»»

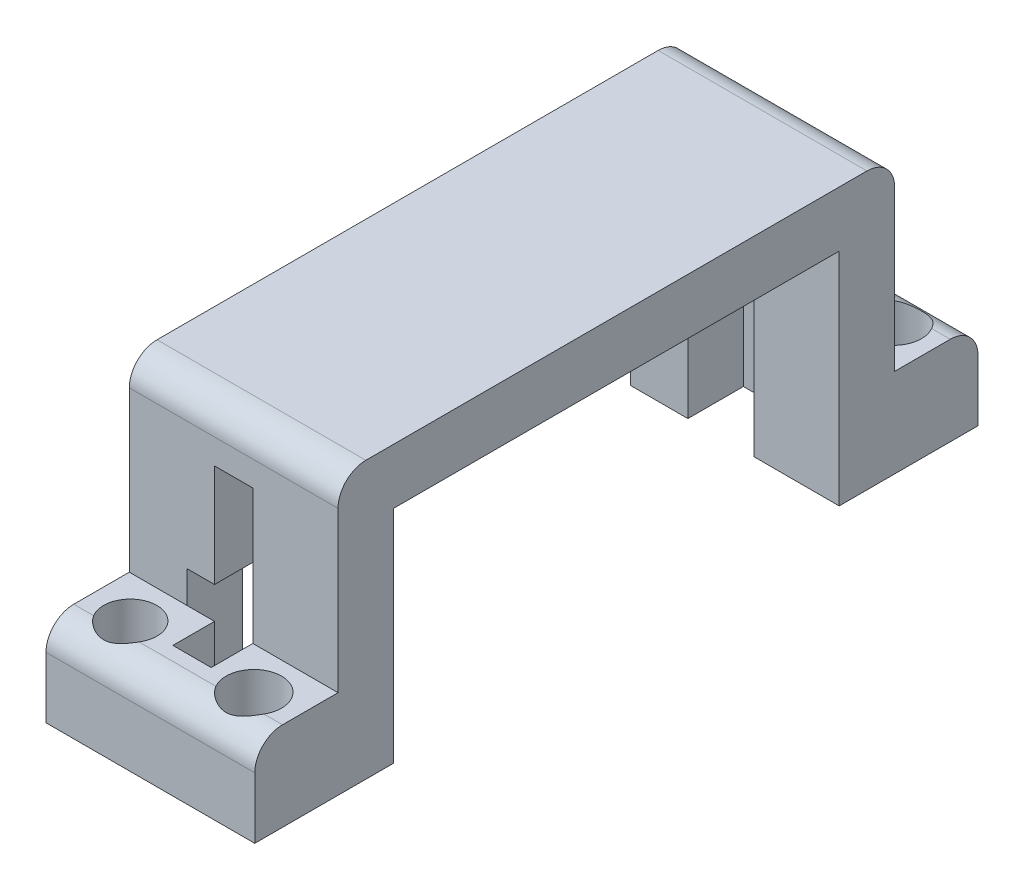
SolidWorks part; units mm, degrees
ref_plane "Front Plane" through (0, 0, 0) normal (0, 0, 1) x (1, 0, 0)
ref_plane "Top Plane" through (0, 0, 0) normal (0, 1, 0) x (1, 0, 0)
ref_plane "Right Plane" through (0, 0, 0) normal (1, 0, 0) x (0, 0, -1)
sketch "Sketch1" plane through (0, 0, 0) normal (1, 0, 0) x (0, 0, -1)
  line L0 (-25.0625, 0) -> (25.0625, 0)
  line L1 (-25.0625, 0) -> (-25.0625, -20.875)
  line L2 (-25.0625, -24.875) -> (-20.0625, -24.875)
  line L3 (-20.0625, -24.875) -> (-20.0625, -5)
  line L4 (-20.0625, -5) -> (20.0625, -5)
  line L5 (20.0625, -5) -> (20.0625, -24.875)
  line L6 (20.0625, -24.875) -> (25.0625, -24.875)
  line L7 (25.0625, -20.875) -> (25.0625, 0)
  line L8 (-20.0625, 0) -> (-20.0625, -5) construction
  line L10 (-25.0625, -24.875) -> (-32.5625, -24.875)
  line L12 (-25.0625, -20.875) -> (-32.5625, -20.875)
  line L13 (-32.5625, -24.875) -> (-32.5625, -20.875)
  line L14 (25.0625, -24.875) -> (32.5625, -24.875)
  line L16 (25.0625, -20.875) -> (32.5625, -20.875)
  line L17 (32.5625, -24.875) -> (32.5625, -20.875)
  point P4 (0, 0)
  dimension "D1" = 40.125
  dimension "D2" = 19.875
  dimension "D3" = 5
  dimension "D4" = 4
  dimension "D5" = 7.5
extrude "Boss-Extrude1" add sketch "Sketch1" along normal blind 18.8
sketch "Sketch2" plane through (0, 0, 32.5625) normal (0, 0, 1) x (1, 0, 0)
  line L0 (0, -24.875) -> (7.675, -24.875) construction
  line L1 (18.8, -24.875) -> (0, -24.875) construction
  line L2 (7.675, -24.875) -> (7.675, -4.75)
  line L3 (7.675, -4.75) -> (11.125, -4.75)
  line L4 (11.125, -4.75) -> (11.125, -24.875)
  line L5 (11.125, -24.875) -> (7.675, -24.875)
  dimension "D1" = 7.675
  dimension "D2" = 3.45
  dimension "D3" = 20.125
extrude "Cut-Extrude1" cut sketch "Sketch2" against normal through all
sketch "Sketch3" plane through (0, -20.875, 0) normal (0, 1, 0) x (1, 0, 0)
  line L0 (2.121, -27.1351) -> (5.554, -30.4899) construction
  line L1 (5.554, -27.1351) -> (2.121, -30.4899) construction
  line L2 (13.246, -27.1351) -> (16.679, -30.4899) construction
  line L3 (16.679, -27.1351) -> (13.246, -30.4899) construction
  line L4 (2.121, 30.4899) -> (5.554, 27.1351) construction
  line L5 (2.121, 27.1351) -> (5.554, 30.4899) construction
  line L6 (13.246, 30.4899) -> (16.679, 27.1351) construction
  line L7 (16.679, 30.4899) -> (13.246, 27.1351) construction
  circle A0 centre (3.8375, -28.8125) radius 2.4
  circle A2 centre (14.9625, -28.8125) radius 2.4
  circle A3 centre (14.9625, 28.8125) radius 2.4
  circle A4 centre (3.8375, 28.8125) radius 2.4
  dimension "D1" = 2
  dimension "D3" = 4.8
  dimension "D2" = 2
extrude "Cut-Extrude2" cut sketch "Sketch3" against normal up to next contours A0 | A2 | A3 | A4
sketch "Sketch4" plane through (7.675, 0, 0) normal (1, 0, 0) x (0, 0, -1)
  line L0 (-20.0625, -24.875) -> (-20.0625, -15.75)
  line L1 (-20.0625, -24.875) -> (-20.0625, -5) construction
  line L2 (-20.0625, -15.75) -> (-20.0625, -14)
  line L3 (-20.0625, -14) -> (-25.0625, -14)
  line L4 (-25.0625, 0) -> (-25.0625, -20.875) construction
  line L5 (-25.0625, -14) -> (-25.0625, -15.75)
  line L7 (-25.0625, -15.75) -> (-25.0625, -24.875)
  line L8 (-32.5625, -24.875) -> (-20.0625, -24.875) construction
  line L9 (-25.0625, -24.875) -> (-20.0625, -24.875)
  dimension "D1" = 9.125
  dimension "D2" = 1.75
sketch "Sketch7" plane through (7.675, 0, 0) normal (1, 0, 0) x (0, 0, -1)
  line L0 (-32.5625, -24.875) -> (-20.0625, -24.875) construction
  line L2 (-32.5625, -20.875) -> (-28.8125, -20.875)
  line L3 (-32.5625, -20.875) -> (-32.5625, -24.875)
  line L4 (-32.5625, -24.875) -> (-28.8125, -24.875)
  line L5 (-28.8125, -20.875) -> (-28.8125, -24.875)
  line L6 (-26.4125, -20.875) -> (-31.2125, -20.875) construction
extrude "Boss-Extrude2" add sketch "Sketch7" along normal up to next
mirror "Mirror1" about plane through (0, 0, 0) normal (0, 0, 1) of "Boss-Extrude2"
extrude "Cut-Extrude8" cut sketch "Sketch4" against normal blind 2.5
mirror "Mirror2" about plane through (0, 0, 0) normal (0, 0, 1) of "Cut-Extrude8", "Mirror1"
sketch "Sketch8" plane through (0, -20.875, 0) normal (0, 1, 0) x (1, 0, 0)
  line L0 (17.3625, 28.8125) -> (12.5625, 28.8125) construction
  line L1 (17.3625, -28.8125) -> (12.5625, -28.8125) construction
  circle A0 centre (14.9625, 28.8125) radius 2.5
  circle A1 centre (14.9625, -28.8125) radius 2.5
  dimension "D1" = 5
extrude "Cut-Extrude9" cut sketch "Sketch8" against normal through all
sketch "Sketch9" plane through (0, -20.875, 0) normal (0, 1, 0) x (1, 0, 0)
  line L9 (11.125, -28.8125) -> (7.675, -28.8125)
  line L10 (7.675, -28.8125) -> (7.675, -25.0625)
  line L11 (7.675, -25.0625) -> (5.175, -25.0625)
  line L12 (5.175, -25.0625) -> (0, -25.0625)
  line L13 (0, -25.0625) -> (0, -32.5625)
  line L14 (0, -32.5625) -> (18.8, -32.5625)
  line L15 (18.8, -32.5625) -> (18.8, -25.0625)
  line L16 (18.8, -25.0625) -> (11.125, -25.0625)
  line L17 (11.125, -25.0625) -> (11.125, -28.8125)
  line L18 (11.125, -28.8125) -> (7.675, -28.8125)
  line L19 (7.675, -28.8125) -> (7.675, -25.0625)
  line L20 (7.675, -25.0625) -> (5.175, -25.0625)
  line L21 (5.175, -25.0625) -> (0, -25.0625)
  line L22 (0, -25.0625) -> (0, -32.5625)
  line L23 (0, -32.5625) -> (18.8, -32.5625)
  line L24 (18.8, -32.5625) -> (18.8, -25.0625)
  line L25 (18.8, -25.0625) -> (11.125, -25.0625)
  line L26 (11.125, -25.0625) -> (11.125, -28.8125)
  line L27 (11.125, 25.0625) -> (18.8, 25.0625)
  line L28 (18.8, 25.0625) -> (18.8, 32.5625)
  line L29 (18.8, 32.5625) -> (0, 32.5625)
  line L30 (0, 32.5625) -> (0, 25.0625)
  line L31 (0, 25.0625) -> (5.175, 25.0625)
  line L32 (5.175, 25.0625) -> (7.675, 25.0625)
  line L33 (7.675, 25.0625) -> (7.675, 28.8125)
  line L34 (7.675, 28.8125) -> (11.125, 28.8125)
  line L35 (11.125, 28.8125) -> (11.125, 25.0625)
  line L36 (11.125, 25.0625) -> (18.8, 25.0625)
  line L37 (18.8, 25.0625) -> (18.8, 32.5625)
  line L38 (18.8, 32.5625) -> (0, 32.5625)
  line L39 (0, 32.5625) -> (0, 25.0625)
  line L40 (0, 25.0625) -> (5.175, 25.0625)
  line L41 (5.175, 25.0625) -> (7.675, 25.0625)
  line L42 (7.675, 25.0625) -> (7.675, 28.8125)
  line L43 (7.675, 28.8125) -> (11.125, 28.8125)
  line L44 (11.125, 28.8125) -> (11.125, 25.0625)
  circle A0 centre (3.8375, 28.8125) radius 2.4 construction
  circle A1 centre (3.8375, 28.8125) radius 2.4
  circle A2 centre (14.9625, 28.8125) radius 2.5 construction
  circle A3 centre (14.9625, 28.8125) radius 2.5
  circle A4 centre (3.8375, -28.8125) radius 2.4 construction
  circle A5 centre (3.8375, -28.8125) radius 2.4
  circle A6 centre (14.9625, -28.8125) radius 2.5 construction
  circle A7 centre (14.9625, -28.8125) radius 2.5
  dimension "D1" = 0
  dimension "D2" = 0
extrude "Boss-Extrude3" add sketch "Sketch9" along normal blind 4
mirror "Mirror6" about plane through (0, 0, 0) normal (0, 0, 1) of "Boss-Extrude3"
fillet "Fillet1" radius 2.5 4 edges at (9.4, -16.875, 32.5625) (9.4, 0, 25.0625) (9.4, 0, -25.0625) (9.4, -16.875, -32.5625)
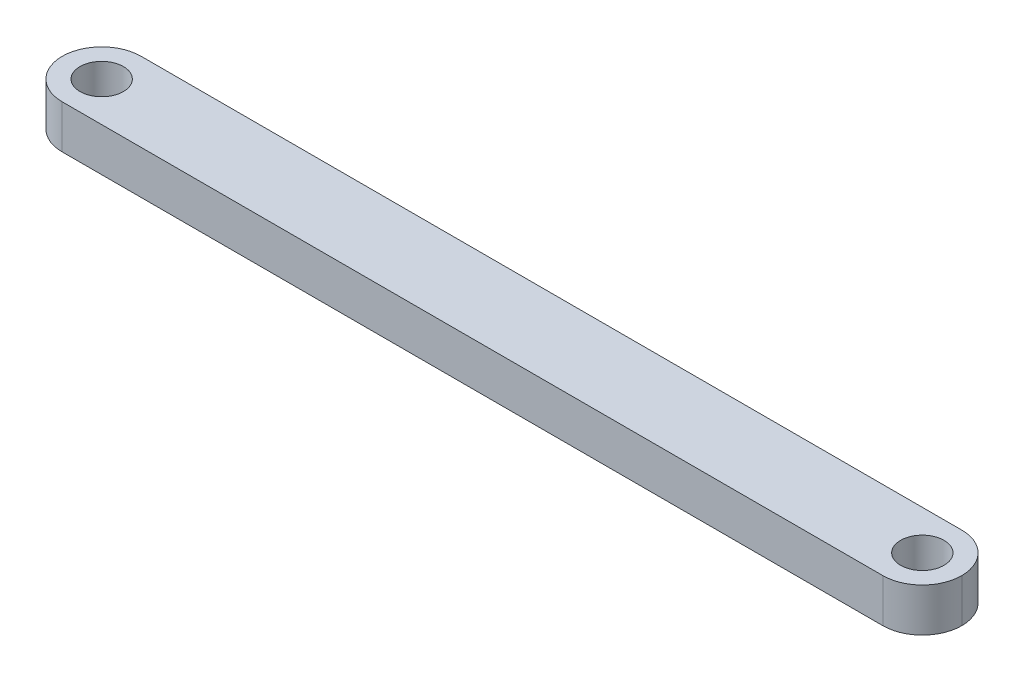
SolidWorks part; units mm, degrees
ref_plane "Front Plane" through (0, 0, 0) normal (0, 0, 1) x (1, 0, 0)
ref_plane "Top Plane" through (0, 0, 0) normal (0, 1, 0) x (1, 0, 0)
ref_plane "Right Plane" through (0, 0, 0) normal (1, 0, 0) x (0, 0, -1)
sketch "Sketch1" plane through (0, 0, 0) normal (0, 1, 0) x (1, 0, 0)
  line L0 (-66.04, 0) -> (0, 0) construction
  line L1 (-72.39, -6.35) -> (72.39, -6.35) construction
  line L2 (-72.39, -6.35) -> (-72.39, 6.35)
  line L3 (-72.39, 6.35) -> (72.39, 6.35)
  line L4 (72.39, -6.35) -> (72.39, 6.35)
  line L5 (-72.39, -6.35) -> (72.39, 6.35) construction
  line L6 (-72.39, 6.35) -> (72.39, -6.35) construction
  line L7 (0, 6.35) -> (0, -6.35) construction
  line L8 (-6.35, -31.75) -> (-6.35, 6.35) construction
  line L9 (-6.35, -31.75) -> (6.35, -31.75)
  line L10 (-6.35, 6.35) -> (6.35, 6.35)
  line L11 (6.35, -31.75) -> (6.35, 6.35) construction
  line L12 (-6.35, -31.75) -> (6.35, 6.35) construction
  line L13 (-6.35, 6.35) -> (6.35, -31.75) construction
  line L14 (-72.39, -6.35) -> (-6.35, -6.35)
  line L15 (-6.35, -6.35) -> (-6.35, -31.75)
  line L16 (6.35, -31.75) -> (6.35, -6.35)
  line L17 (6.35, -6.35) -> (72.39, -6.35)
  line L18 (-6.35, -6.35) -> (6.35, -6.35)
  circle A0 centre (-66.04, 0) radius 3.4925
  circle A1 centre (66.04, 0) radius 3.4925
  circle A2 centre (0, -25.4) radius 3.4925
  point P0 (0, 0)
  point P13 (0, -12.7)
  point P22 (0, -31.75)
  dimension "D5" = 12.7
  dimension "D6" = 38.1
  dimension "D3" = 6.35
  dimension "D4" = 6.985
  dimension "D7" = 6.35
  dimension "D1" = 144.78
  dimension "D2" = 12.7
extrude "Boss-Extrude1" add sketch "Sketch1" along normal blind 6.985 contours L16 L17 L4 L3 L2 L14 L15 L9 A2 A0 A1 region at (0, 0, 0)
fillet "Fillet1" radius 6.35 4 edges at (72.39, 3.4925, -6.35) (-72.39, 3.4925, -6.35) (-72.39, 3.4925, 6.35) (72.39, 3.4925, 6.35)

««

— WHAT TO DO —
Out of the data above, set down the lines from the one with "line L23 (0, -32.5625) -> (18.8, -32.5625)" to the one with "line L42 (7.675, 25.0625)", both included, exactly as written and with no additions.

— RESULT OF THIS TASK —
  line L23 (0, -32.5625) -> (18.8, -32.5625)
  line L24 (18.8, -32.5625) -> (18.8, -25.0625)
  line L25 (18.8, -25.0625) -> (11.125, -25.0625)
  line L26 (11.125, -25.0625) -> (11.125, -28.8125)
  line L27 (11.125, 25.0625) -> (18.8, 25.0625)
  line L28 (18.8, 25.0625) -> (18.8, 32.5625)
  line L29 (18.8, 32.5625) -> (0, 32.5625)
  line L30 (0, 32.5625) -> (0, 25.0625)
  line L31 (0, 25.0625) -> (5.175, 25.0625)
  line L32 (5.175, 25.0625) -> (7.675, 25.0625)
  line L33 (7.675, 25.0625) -> (7.675, 28.8125)
  line L34 (7.675, 28.8125) -> (11.125, 28.8125)
  line L35 (11.125, 28.8125) -> (11.125, 25.0625)
  line L36 (11.125, 25.0625) -> (18.8, 25.0625)
  line L37 (18.8, 25.0625) -> (18.8, 32.5625)
  line L38 (18.8, 32.5625) -> (0, 32.5625)
  line L39 (0, 32.5625) -> (0, 25.0625)
  line L40 (0, 25.0625) -> (5.175, 25.0625)
  line L41 (5.175, 25.0625) -> (7.675, 25.0625)
  line L42 (7.675, 25.0625) -> (7.675, 28.8125)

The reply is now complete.